▸ Work task:
An exact reproduction of the lines below, from the first through the one with "point P2 (17.3, 54.8)", is the whole answer; pictures have no place in it.

*** Entries supplied Section Begins ***

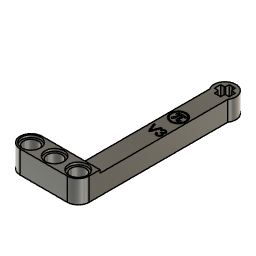
1. Stepper motor holder (L) [V3] (Autodesk Fusion 360 design; units mm, degrees)
Autodesk Fusion 360 part; units mm, degrees
note: some values were not read from the file. Set by a fixed rule: which sketch regions a step uses.
sketch "Base" plane through (0, 0, 0) normal (0, 0, 1) x (1, 0, 0)
  line L0 (3.7, 0) -> (19.7, 0)
  line L1 (19.7, 7.4) -> (3.7, 7.4)
  arc A0 (3.7, 7.4) -> (0, 3.7) centre (3.7, 3.7) ccw
  arc A1 (0, 3.7) -> (3.7, 0) centre (3.7, 3.7) ccw
  arc A2 (19.7, 0) -> (23.4, 3.7) centre (19.7, 3.7) ccw
  circle A3 centre (3.7, 3.7) radius 2.5
  circle A4 centre (3.7, 3.7) radius 3.2
  circle A5 centre (11.7, 3.7) radius 2.5
  circle A6 centre (11.7, 3.7) radius 3.2
  circle A7 centre (19.7, 3.7) radius 2.5
  circle A8 centre (19.7, 3.7) radius 3.2
  line L2 (19.7, 7.4) -> (23.4, 7.4)
  line L3 (23.4, 7.4) -> (23.4, 3.7)
  line L4 (17.85, 52.8) -> (22.85, 52.8)
  line L5 (20.35, 55.3003) -> (20.35, 50.2997)
  line L6 (17.85, 52.8) -> (17.85, 51.75)
  line L7 (19.3, 50.2997) -> (20.35, 50.2997)
  line L8 (20.35, 54.8003) -> (20.35, 0.0575)
  circle A9 centre (20.35, 52.8) radius 3.7125
  line L9 (23.4, 51.75) -> (23.4, 7.4)
  line L10 (17.3, 51.75) -> (17.3, 7.4)
  line L11 (17.85, 51.75) -> (19.05, 51.75)
  line L12 (19.3, 51.5) -> (19.3, 50.2997)
  arc A10 (19.3, 51.5) -> (19.05, 51.75) centre (19.05, 51.5) ccw
  line L13 (22.85, 52.8) -> (22.85, 51.75)
  line L14 (22.85, 51.75) -> (21.65, 51.75)
  arc A11 (21.65, 51.75) -> (21.4, 51.5) centre (21.65, 51.5) ccw
  line L15 (21.4, 51.5) -> (21.4, 50.2997)
  line L16 (21.4, 50.2997) -> (20.35, 50.2997)
  line L17 (17.85, 52.8) -> (17.85, 53.85)
  line L18 (17.85, 53.85) -> (19.05, 53.85)
  arc A12 (19.05, 53.85) -> (19.3, 54.1) centre (19.05, 54.1) ccw
  line L19 (19.3, 54.1) -> (19.3, 55.3003)
  line L20 (19.3, 55.3003) -> (20.35, 55.3003)
  line L21 (21.4, 55.3003) -> (20.35, 55.3003)
  line L22 (21.4, 54.1) -> (21.4, 55.3003)
  arc A13 (21.4, 54.1) -> (21.65, 53.85) centre (21.65, 54.1) ccw
  line L23 (22.85, 53.85) -> (21.65, 53.85)
  line L24 (22.85, 52.8) -> (22.85, 53.85)
  line L25 (17.3, 51.75) -> (17.3, 52.75)
  line L26 (23.4, 51.75) -> (23.4, 52.75)
  arc A14 (20.35, 55.8) -> (17.3, 52.75) centre (20.35, 52.75) ccw
  arc A15 (23.4, 52.75) -> (20.35, 55.8) centre (20.35, 52.75) ccw
  point P0 (23.4, 0)
  point P1 (0, 7.4)
  point P2 (17.3, 54.8)
  point P3 (17.3, 55.8)
  point P4 (23.4, 55.8)
  dimension "d1" = 23.4
  dimension "d2" = 7.4
  dimension "d3" = 3.7
  dimension "d4" = 3.7
  dimension "d6" = 3.7
  dimension "d7" = 5
  dimension "d8" = 6.4
  dimension "d11" = 16
  dimension "d12" = 0
  dimension "d50" = 1.05
  dimension "d51" = 1.05
  dimension "d58" = 0.25
  dimension "d61" = 3.05
  dimension "d62" = 3.05
  constraint horizontal L0
  constraint horizontal L1
  constraint coincident P1 L1
  constraint tangent L1 A0
  constraint coincident origin L0
  constraint tangent L0 A1
  constraint coincident A0.end A1.start
  constraint coincident P0 L0
  constraint tangent L0 A2
  constraint concentric A1 A3
  constraint concentric A0 A4
  constraint horizontal L2
  constraint vertical L3
  constraint midpoint L4 L5
  constraint perpendicular L4 L6
  constraint coincident A2 L8.end
  constraint perpendicular L0 L8
  constraint perpendicular L4 L5
  constraint parallel L5 L8
  constraint midpoint L4 A9.centre
  constraint coincident L1 L10.end
  constraint perpendicular L1 L10
  constraint perpendicular L6 L11
  constraint tangent L11 A10
  constraint tangent L12 A10
  constraint symmetric L4.start L8 L4.end
  constraint symmetric L5.end L8 L7.end
  constraint symmetric L6.end L8 L13.end
  constraint symmetric L7.start L8 L15.end
  constraint symmetric L8 L11.end L14.end
  constraint symmetric L8 L12.start A11.end
  constraint symmetric L8 A10 A11
  constraint symmetric L6.start L4 L17.start
  constraint symmetric L4 L5.end L5.start
  constraint symmetric L4 L6.end L17.end
  constraint symmetric L4 L7.start L19.end
  constraint symmetric L4 L11.end L18.end
  constraint symmetric L4 L12.start A12.end
  constraint symmetric L4 A10 A12
  constraint symmetric L4 L13.start L24.start
  constraint symmetric L4 L13.end L23.start
  constraint symmetric L4 L14.end A13.end
  constraint symmetric L4 A11.end L22.start
  constraint symmetric L4 A11 A13
  constraint symmetric L4 L15.end L21.start
  constraint parallel L10 L25
  constraint parallel L9 L26
  constraint coincident P3 L25
  constraint tangent L25 A14
  constraint coincident P4 L26
  constraint tangent L26 A15
  constraint coincident A14.start A15.end
  measures "d1" distance of origin P0
  measures "d2" distance of origin P1
  measures "d3" radius of A0
  measures "d4" radius of A1
  measures "d6" radius of A2
  measures "d7" diameter of A3
  measures "d8" diameter of A4
  measures "d50" distance of L5.end L7.start
  measures "d51" distance of L4.start L6.end
  measures "d58" radius of A10
  measures "d61" radius of A14
  measures "d62" radius of A15
extrude "Extrude1" add sketch "Base" along normal blind 7.7 contours L0 L1 A0 A1 A2 A8 L2 L8 | A2 A8 L2 L3 L8
extrude "Extrude2" add sketch "Base" along normal blind 6.9 contours A7 A8 L8 | A7 A8 L8 | A4 | A6
extrude "Extrude3" cut sketch "Base" along normal blind 0.8 contours A7 A8 L8 | A7 A8 L8 | A4 | A6
extrude "Extrude4" add sketch "Base" along normal blind 6.7 contours L1 L2 L8 A9 L10 | L2 L8 A9 L9 | A9 L9 L10 L25 L26 A14 A15 | A9 L9 L10 L25 L26 A14 A15
ref_plane "WorkPlane1" through (20.35, 32.5818, 6.7) normal (0, 0, 1) x (1, 0, 0)
sketch "Author" plane through (0, 0, 6.7) normal (0, 0, 1) x (1, 0, 0)
  line L0 (18.8552, 37.6405) -> (18.9613, 37.6326)
  spline S0 degree 3 poles (18.9613, 37.6326) (19.0712, 37.757) (19.1144, 38.1249) (19.7625, 38.0529) knots 0 0 0 0 1 1 1 1
  spline S1 degree 3 poles (19.7625, 38.0529) (19.7389, 36.4766) (19.0477, 36.3103) (19.0909, 35.9869) knots 0 0 0 0 1 1 1 1
  spline S2 degree 3 poles (19.0909, 35.9869) (19.1066, 35.8036) (19.2519, 35.691) (19.409, 35.6845) knots 0 0 0 0 1 1 1 1
  spline S3 degree 3 poles (19.409, 35.6845) (19.9052, 35.7015) (19.883, 36.3705) (20.0374, 38.0568) knots 0 0 0 0 1 1 1 1
  line L1 (20.0374, 38.0568) -> (20.6777, 38.0568)
  spline S4 degree 3 poles (20.6777, 38.0568) (20.6436, 37.4624) (20.5507, 36.868) (20.5402, 36.2854) knots 0 0 0 0 1 1 1 1
  spline S5 degree 3 poles (20.5402, 36.2854) (20.548, 35.8979) (20.7837, 35.691) (21.094, 35.6884) knots 0 0 0 0 1 1 1 1
  spline S6 degree 3 poles (21.094, 35.6884) (21.6046, 35.6714) (21.7656, 36.2671) (21.7656, 36.5211) knots 0 0 0 0 1 1 1 1
  line L2 (21.7656, 36.5211) -> (21.6556, 36.5211)
  spline S7 degree 3 poles (21.6556, 36.5211) (21.6452, 36.3116) (21.5444, 36.161) (21.3297, 36.1519) knots 0 0 0 0 1 1 1 1
  spline S8 degree 3 poles (21.3297, 36.1519) (20.7444, 36.144) (21.0665, 37.1809) (21.0704, 38.0489) knots 0 0 0 0 1 1 1 1
  line L3 (21.0704, 38.0489) -> (21.7656, 38.045)
  line L4 (21.7656, 38.045) -> (21.7617, 38.4888)
  spline S9 degree 3 poles (21.7617, 38.4888) (18.8722, 38.5028) (19.2389, 38.5595) (18.8552, 37.6405) knots 0 0 0 0 1 1 1 1
  arc A0 (17.6646, 37.0896) -> (20.3104, 39.7354) centre (20.3104, 37.0896) cw
  arc A1 (20.3104, 34.4438) -> (17.6646, 37.0896) centre (20.3104, 37.0896) cw
  arc A2 (22.9562, 37.0896) -> (20.3104, 34.4438) centre (20.3104, 37.0896) cw
  arc A3 (20.3104, 39.7354) -> (22.9562, 37.0896) centre (20.3104, 37.0896) cw
  arc A4 (20.3104, 39.3815) -> (20.3694, 39.3807) centre (20.3107, 37.0896) cw
  arc A5 (20.3694, 39.3807) -> (20.4284, 39.3784) centre (20.3103, 37.0896) cw
  arc A6 (20.4284, 39.3784) -> (20.4873, 39.3746) centre (20.3102, 37.0896) cw
  arc A7 (20.4873, 39.3746) -> (20.5461, 39.3693) centre (20.3107, 37.0896) cw
  arc A8 (20.5461, 39.3693) -> (20.6047, 39.3625) centre (20.3104, 37.0896) cw
  arc A9 (20.6047, 39.3625) -> (20.6631, 39.3542) centre (20.3106, 37.0896) cw
  arc A10 (20.6631, 39.3542) -> (20.7213, 39.3443) centre (20.3099, 37.0897) cw
  arc A11 (20.7213, 39.3443) -> (20.7792, 39.333) centre (20.3106, 37.0895) cw
  arc A12 (20.7792, 39.333) -> (20.8368, 39.3202) centre (20.3106, 37.0895) cw
  arc A13 (20.8368, 39.3202) -> (20.8941, 39.3059) centre (20.31, 37.0897) cw
  arc A14 (20.8941, 39.3059) -> (20.951, 39.2901) centre (20.3109, 37.0894) cw
  arc A15 (20.951, 39.2901) -> (21.0074, 39.2729) centre (20.3102, 37.0897) cw
  arc A16 (21.0074, 39.2729) -> (21.0634, 39.2542) centre (20.3102, 37.0896) cw
  arc A17 (21.0634, 39.2542) -> (21.1189, 39.2341) centre (20.3106, 37.0895) cw
  arc A18 (21.1189, 39.2341) -> (21.1738, 39.2126) centre (20.3102, 37.0897) cw
  arc A19 (21.1738, 39.2126) -> (21.2282, 39.1897) centre (20.3106, 37.0895) cw
  arc A20 (21.2282, 39.1897) -> (21.282, 39.1653) centre (20.3106, 37.0895) cw
  arc A21 (21.282, 39.1653) -> (21.3351, 39.1396) centre (20.3103, 37.0896) cw
  arc A22 (21.3351, 39.1396) -> (21.3875, 39.1126) centre (20.3106, 37.0895) cw
  arc A23 (21.3875, 39.1126) -> (21.4393, 39.0842) centre (20.3101, 37.0898) cw
  arc A24 (21.4393, 39.0842) -> (21.4903, 39.0544) centre (20.3105, 37.0895) cw
  arc A25 (21.4903, 39.0544) -> (21.5405, 39.0234) centre (20.3103, 37.0896) cw
  arc A26 (21.5405, 39.0234) -> (21.5898, 38.9911) centre (20.3103, 37.0897) cw
  arc A27 (21.5898, 38.9911) -> (21.6384, 38.9575) centre (20.3106, 37.0894) cw
  arc A28 (21.6384, 38.9575) -> (21.686, 38.9227) centre (20.3106, 37.0895) cw
  arc A29 (21.686, 38.9227) -> (21.7328, 38.8867) centre (20.3102, 37.0897) cw
  arc A30 (21.7328, 38.8867) -> (21.7786, 38.8495) centre (20.3105, 37.0895) cw
  arc A31 (21.7786, 38.8495) -> (21.8234, 38.8111) centre (20.3104, 37.0896) cw
  arc A32 (21.8234, 38.8111) -> (21.8672, 38.7716) centre (20.3104, 37.0896) cw
  arc A33 (21.8672, 38.7716) -> (21.91, 38.7309) centre (20.3106, 37.0894) cw
  arc A34 (21.91, 38.7309) -> (21.9518, 38.6892) centre (20.3104, 37.0896) cw
  arc A35 (21.9518, 38.6892) -> (21.9924, 38.6464) centre (20.3102, 37.0898) cw
  arc A36 (21.9924, 38.6464) -> (22.0319, 38.6026) centre (20.3105, 37.0895) cw
  arc A37 (22.0319, 38.6026) -> (22.0703, 38.5577) centre (20.3105, 37.0895) cw
  arc A38 (22.0703, 38.5577) -> (22.1075, 38.5119) centre (20.3103, 37.0897) cw
  arc A39 (22.1075, 38.5119) -> (22.1436, 38.4652) centre (20.3106, 37.0894) cw
  arc A40 (22.1436, 38.4652) -> (22.1784, 38.4175) centre (20.3103, 37.0897) cw
  arc A41 (22.1784, 38.4175) -> (22.2119, 38.369) centre (20.3103, 37.0898) cw
  arc A42 (22.2119, 38.369) -> (22.2442, 38.3196) centre (20.3105, 37.0895) cw
  arc A43 (22.2442, 38.3196) -> (22.2753, 38.2694) centre (20.3105, 37.0895) cw
  arc A44 (22.2753, 38.2694) -> (22.305, 38.2184) centre (20.3103, 37.0897) cw
  arc A45 (22.305, 38.2184) -> (22.3334, 38.1667) centre (20.3106, 37.0892) cw
  arc A46 (22.3334, 38.1667) -> (22.3605, 38.1143) centre (20.3103, 37.0898) cw
  arc A47 (22.3605, 38.1143) -> (22.3862, 38.0611) centre (20.3105, 37.0895) cw
  arc A48 (22.3862, 38.0611) -> (22.4105, 38.0074) centre (20.3103, 37.0898) cw
  arc A49 (22.4105, 38.0074) -> (22.4334, 37.953) centre (20.3105, 37.0893) cw
  arc A50 (22.4334, 37.953) -> (22.455, 37.898) centre (20.3103, 37.0898) cw
  arc A51 (22.455, 37.898) -> (22.4751, 37.8426) centre (20.3103, 37.0898) cw
  arc A52 (22.4751, 37.8426) -> (22.4937, 37.7866) centre (20.3105, 37.0894) cw
  arc A53 (22.4937, 37.7866) -> (22.511, 37.7301) centre (20.3105, 37.0893) cw
  arc A54 (22.511, 37.7301) -> (22.5267, 37.6733) centre (20.3103, 37.0901) cw
  arc A55 (22.5267, 37.6733) -> (22.541, 37.616) centre (20.3105, 37.0892) cw
  arc A56 (22.541, 37.616) -> (22.5538, 37.5584) centre (20.3104, 37.0898) cw
  arc A57 (22.5538, 37.5584) -> (22.5652, 37.5005) centre (20.3105, 37.0893) cw
  arc A58 (22.5652, 37.5005) -> (22.575, 37.4423) centre (20.3104, 37.0896) cw
  arc A59 (22.575, 37.4423) -> (22.5833, 37.3839) centre (20.3104, 37.0897) cw
  arc A60 (22.5833, 37.3839) -> (22.5901, 37.3252) centre (20.3104, 37.0896) cw
  arc A61 (22.5901, 37.3252) -> (22.5954, 37.2665) centre (20.3104, 37.0899) cw
  arc A62 (22.5954, 37.2665) -> (22.5993, 37.2076) centre (20.3104, 37.0894) cw
  arc A63 (22.5993, 37.2076) -> (22.6015, 37.1486) centre (20.3104, 37.0894) cw
  arc A64 (22.6015, 37.1486) -> (22.6023, 37.0896) centre (20.3104, 37.0899) cw
  arc A65 (22.6023, 37.0896) -> (22.5959, 36.9183) centre (20.3104, 37.0895) cw
  arc A66 (22.5959, 36.9183) -> (22.5767, 36.748) centre (20.3104, 37.0897) cw
  arc A67 (22.5767, 36.748) -> (22.5448, 36.5796) centre (20.3104, 37.0895) cw
  arc A68 (22.5448, 36.5796) -> (22.5005, 36.414) centre (20.3104, 37.0897) cw
  arc A69 (22.5005, 36.414) -> (22.4439, 36.2523) centre (20.3104, 37.0896) cw
  arc A70 (22.4439, 36.2523) -> (22.3753, 36.0952) centre (20.3104, 37.0896) cw
  arc A71 (22.3753, 36.0952) -> (22.2952, 35.9436) centre (20.3104, 37.0895) cw
  arc A72 (22.2952, 35.9436) -> (22.2041, 35.7985) centre (20.3104, 37.0896) cw
  arc A73 (22.2041, 35.7985) -> (22.1023, 35.6606) centre (20.3104, 37.0896) cw
  arc A74 (22.1023, 35.6606) -> (21.9905, 35.5307) centre (20.3104, 37.0896) cw
  arc A75 (21.9905, 35.5307) -> (21.8693, 35.4095) centre (20.3103, 37.0895) cw
  arc A76 (21.8693, 35.4095) -> (21.7394, 35.2977) centre (20.3105, 37.0897) cw
  arc A77 (21.7394, 35.2977) -> (21.6015, 35.1959) centre (20.3104, 37.0896) cw
  arc A78 (21.6015, 35.1959) -> (21.4563, 35.1048) centre (20.3104, 37.0896) cw
  arc A79 (21.4563, 35.1048) -> (21.3048, 35.0247) centre (20.3104, 37.0896) cw
  arc A80 (21.3048, 35.0247) -> (21.1477, 34.9561) centre (20.3104, 37.0896) cw
  arc A81 (21.1477, 34.9561) -> (20.986, 34.8995) centre (20.3104, 37.0896) cw
  arc A82 (20.986, 34.8995) -> (20.8204, 34.8552) centre (20.3103, 37.0896) cw
  arc A83 (20.8204, 34.8552) -> (20.652, 34.8233) centre (20.3105, 37.0896) cw
  arc A84 (20.652, 34.8233) -> (20.4817, 34.8041) centre (20.3103, 37.0896) cw
  arc A85 (20.4817, 34.8041) -> (20.3104, 34.7977) centre (20.3105, 37.0896) cw
  arc A86 (20.3104, 34.7977) -> (20.1391, 34.8041) centre (20.3103, 37.0896) cw
  arc A87 (20.1391, 34.8041) -> (19.9688, 34.8233) centre (20.3105, 37.0896) cw
  arc A88 (19.9688, 34.8233) -> (19.8004, 34.8552) centre (20.3104, 37.0896) cw
  arc A89 (19.8004, 34.8552) -> (19.6349, 34.8995) centre (20.3105, 37.0896) cw
  arc A90 (19.6349, 34.8995) -> (19.4731, 34.9561) centre (20.3104, 37.0896) cw
  arc A91 (19.4731, 34.9561) -> (19.316, 35.0247) centre (20.3104, 37.0896) cw
  arc A92 (19.316, 35.0247) -> (19.1645, 35.1048) centre (20.3104, 37.0896) cw
  arc A93 (19.1645, 35.1048) -> (19.0194, 35.1959) centre (20.3104, 37.0896) cw
  arc A94 (19.0194, 35.1959) -> (18.8815, 35.2977) centre (20.3104, 37.0896) cw
  arc A95 (18.8815, 35.2977) -> (18.7515, 35.4095) centre (20.3103, 37.0897) cw
  arc A96 (18.7515, 35.4095) -> (18.6303, 35.5307) centre (20.3104, 37.0896) cw
  arc A97 (18.6303, 35.5307) -> (18.5186, 35.6606) centre (20.3105, 37.0895) cw
  arc A98 (18.5186, 35.6606) -> (18.4168, 35.7985) centre (20.3104, 37.0896) cw
  arc A99 (18.4168, 35.7985) -> (18.3256, 35.9436) centre (20.3104, 37.0896) cw
  arc A100 (18.3256, 35.9436) -> (18.2455, 36.0952) centre (20.3105, 37.0895) cw
  arc A101 (18.2455, 36.0952) -> (18.177, 36.2523) centre (20.3104, 37.0896) cw
  arc A102 (18.177, 36.2523) -> (18.1204, 36.414) centre (20.3104, 37.0896) cw
  arc A103 (18.1204, 36.414) -> (18.076, 36.5796) centre (20.3104, 37.0897) cw
  arc A104 (18.076, 36.5796) -> (18.0441, 36.748) centre (20.3104, 37.0895) cw
  arc A105 (18.0441, 36.748) -> (18.0249, 36.9183) centre (20.3104, 37.0897) cw
  arc A106 (18.0249, 36.9183) -> (18.0185, 37.0896) centre (20.3104, 37.0895) cw
  arc A107 (18.0185, 37.0896) -> (18.0249, 37.2609) centre (20.3104, 37.0897) cw
  arc A108 (18.0249, 37.2609) -> (18.0441, 37.4312) centre (20.3104, 37.0895) cw
  arc A109 (18.0441, 37.4312) -> (18.076, 37.5996) centre (20.3104, 37.0897) cw
  arc A110 (18.076, 37.5996) -> (18.1204, 37.7651) centre (20.3104, 37.0895) cw
  arc A111 (18.1204, 37.7651) -> (18.177, 37.9269) centre (20.3104, 37.0896) cw
  arc A112 (18.177, 37.9269) -> (18.2455, 38.084) centre (20.3104, 37.0896) cw
  arc A113 (18.2455, 38.084) -> (18.3256, 38.2355) centre (20.3104, 37.0896) cw
  arc A114 (18.3256, 38.2355) -> (18.4168, 38.3806) centre (20.3104, 37.0896) cw
  arc A115 (18.4168, 38.3806) -> (18.5186, 38.5185) centre (20.3104, 37.0896) cw
  arc A116 (18.5186, 38.5185) -> (18.6303, 38.6485) centre (20.3105, 37.0897) cw
  arc A117 (18.6303, 38.6485) -> (18.7515, 38.7696) centre (20.3103, 37.0895) cw
  arc A118 (18.7515, 38.7696) -> (18.8815, 38.8814) centre (20.3104, 37.0896) cw
  arc A119 (18.8815, 38.8814) -> (19.0194, 38.9832) centre (20.3104, 37.0896) cw
  arc A120 (19.0194, 38.9832) -> (19.1645, 39.0744) centre (20.3104, 37.0896) cw
  arc A121 (19.1645, 39.0744) -> (19.316, 39.1545) centre (20.3104, 37.0896) cw
  arc A122 (19.316, 39.1545) -> (19.4731, 39.223) centre (20.3104, 37.0896) cw
  arc A123 (19.4731, 39.223) -> (19.6349, 39.2796) centre (20.3104, 37.0896) cw
  arc A124 (19.6349, 39.2796) -> (19.8004, 39.324) centre (20.3105, 37.0896) cw
  arc A125 (19.8004, 39.324) -> (19.9688, 39.3559) centre (20.3104, 37.0896) cw
  arc A126 (19.9688, 39.3559) -> (20.1391, 39.3751) centre (20.3105, 37.0896) cw
  arc A127 (20.1391, 39.3751) -> (20.3104, 39.3815) centre (20.3103, 37.0896) cw
extrude "Extrude5" cut sketch "Author" against normal blind 0.6
sketch "Version" plane through (0, 0, 6.7) normal (0, 0, 1) x (-1, 0, 0)
  line L0 (-17.3, -7.4) -> (-23.4, -7.4)
  arc A0 (-20.3104, -34.4438) -> (-22.9562, -37.0896) centre (-20.3104, -37.0896) ccw
  arc A1 (-22.9563, -37.0896) -> (-20.3104, -34.4437) centre (-20.3104, -37.0896) ccw
  line L1 (-18, -28.0896) -> (-23, -28.0896) construction
  line L2 (-23, -28.0896) -> (-23, -31.0896) construction
  line L3 (-23, -31.0896) -> (-18, -31.0896) construction
  line L4 (-18, -31.0896) -> (-18, -28.0896) construction
  arc A2 (-23.4, -49.6834) -> (-17.3, -49.6834) centre (-20.35, -51.8) ccw
  line L5 (-17.3, -49.6834) -> (-17.3, -7.4)
  line L6 (-23.4, -7.4) -> (-23.4, -49.6834)
  line L7 (-22.85, -52.85) -> (-22.85, -50.75)
  line L8 (-22.85, -50.75) -> (-21.7, -50.75)
  arc A3 (-21.7, -50.75) -> (-21.4, -50.45) centre (-21.7, -50.45) ccw
  line L9 (-21.4, -50.45) -> (-21.4, -49.2997)
  line L10 (-21.4, -49.2997) -> (-20.35, -49.2997)
  line L11 (-20.35, -49.2997) -> (-19.3, -49.2997)
  line L12 (-19.3, -49.2997) -> (-19.3, -50.45)
  arc A4 (-19.3, -50.45) -> (-19, -50.75) centre (-19, -50.45) ccw
  line L13 (-19, -50.75) -> (-17.85, -50.75)
  line L14 (-17.85, -50.75) -> (-17.85, -52.85)
  line L15 (-17.85, -52.85) -> (-19, -52.85)
  arc A5 (-19, -52.85) -> (-19.3, -53.15) centre (-19, -53.15) ccw
  line L16 (-19.3, -53.15) -> (-19.3, -54.3003)
  line L17 (-19.3, -54.3003) -> (-20.35, -54.3003)
  line L18 (-20.35, -54.3003) -> (-21.4, -54.3003)
  line L19 (-21.4, -54.3003) -> (-21.4, -53.15)
  arc A6 (-21.4, -53.15) -> (-21.7, -52.85) centre (-21.7, -53.15) ccw
  line L20 (-21.7, -52.85) -> (-22.85, -52.85)
  line L21 (-20.5, -31.0896) -> (-20.5, -28.0896)
  line L22 (-18, -29.5896) -> (-23, -29.5896)
  point P0 (-20.3103, -37.0896)
  point P1 (-20.35, -51.75)
  dimension "d38" = 3
  dimension "d55" = 14.6604
  dimension "d56" = 6
  text T0 "V3" font "Arial" height 3 align left top in box 5 x 3 at (-18, -28.0896) x (-1, 0) y (0, -1) spacing 1
  constraint coincident L21.start
  constraint midpoint L1 L21.end
  constraint perpendicular L1 L21
  constraint midpoint L4 L22.start
  constraint midpoint L2 L22.end
  measures "d55" vertical distance of P0 P1
  measures "d56" vertical distance of P0 L21.start
extrude "Extrude6" cut sketch "Version" against normal blind 0.6 text T0
named bodies: "Base"

*** Entries supplied Section Ends ***

▸ Task response:
1. Stepper motor holder (L) [V3] (Autodesk Fusion 360 design; units mm, degrees)
Autodesk Fusion 360 part; units mm, degrees
note: some values were not read from the file. Set by a fixed rule: which sketch regions a step uses.
sketch "Base" plane through (0, 0, 0) normal (0, 0, 1) x (1, 0, 0)
  line L0 (3.7, 0) -> (19.7, 0)
  line L1 (19.7, 7.4) -> (3.7, 7.4)
  arc A0 (3.7, 7.4) -> (0, 3.7) centre (3.7, 3.7) ccw
  arc A1 (0, 3.7) -> (3.7, 0) centre (3.7, 3.7) ccw
  arc A2 (19.7, 0) -> (23.4, 3.7) centre (19.7, 3.7) ccw
  circle A3 centre (3.7, 3.7) radius 2.5
  circle A4 centre (3.7, 3.7) radius 3.2
  circle A5 centre (11.7, 3.7) radius 2.5
  circle A6 centre (11.7, 3.7) radius 3.2
  circle A7 centre (19.7, 3.7) radius 2.5
  circle A8 centre (19.7, 3.7) radius 3.2
  line L2 (19.7, 7.4) -> (23.4, 7.4)
  line L3 (23.4, 7.4) -> (23.4, 3.7)
  line L4 (17.85, 52.8) -> (22.85, 52.8)
  line L5 (20.35, 55.3003) -> (20.35, 50.2997)
  line L6 (17.85, 52.8) -> (17.85, 51.75)
  line L7 (19.3, 50.2997) -> (20.35, 50.2997)
  line L8 (20.35, 54.8003) -> (20.35, 0.0575)
  circle A9 centre (20.35, 52.8) radius 3.7125
  line L9 (23.4, 51.75) -> (23.4, 7.4)
  line L10 (17.3, 51.75) -> (17.3, 7.4)
  line L11 (17.85, 51.75) -> (19.05, 51.75)
  line L12 (19.3, 51.5) -> (19.3, 50.2997)
  arc A10 (19.3, 51.5) -> (19.05, 51.75) centre (19.05, 51.5) ccw
  line L13 (22.85, 52.8) -> (22.85, 51.75)
  line L14 (22.85, 51.75) -> (21.65, 51.75)
  arc A11 (21.65, 51.75) -> (21.4, 51.5) centre (21.65, 51.5) ccw
  line L15 (21.4, 51.5) -> (21.4, 50.2997)
  line L16 (21.4, 50.2997) -> (20.35, 50.2997)
  line L17 (17.85, 52.8) -> (17.85, 53.85)
  line L18 (17.85, 53.85) -> (19.05, 53.85)
  arc A12 (19.05, 53.85) -> (19.3, 54.1) centre (19.05, 54.1) ccw
  line L19 (19.3, 54.1) -> (19.3, 55.3003)
  line L20 (19.3, 55.3003) -> (20.35, 55.3003)
  line L21 (21.4, 55.3003) -> (20.35, 55.3003)
  line L22 (21.4, 54.1) -> (21.4, 55.3003)
  arc A13 (21.4, 54.1) -> (21.65, 53.85) centre (21.65, 54.1) ccw
  line L23 (22.85, 53.85) -> (21.65, 53.85)
  line L24 (22.85, 52.8) -> (22.85, 53.85)
  line L25 (17.3, 51.75) -> (17.3, 52.75)
  line L26 (23.4, 51.75) -> (23.4, 52.75)
  arc A14 (20.35, 55.8) -> (17.3, 52.75) centre (20.35, 52.75) ccw
  arc A15 (23.4, 52.75) -> (20.35, 55.8) centre (20.35, 52.75) ccw
  point P0 (23.4, 0)
  point P1 (0, 7.4)
  point P2 (17.3, 54.8)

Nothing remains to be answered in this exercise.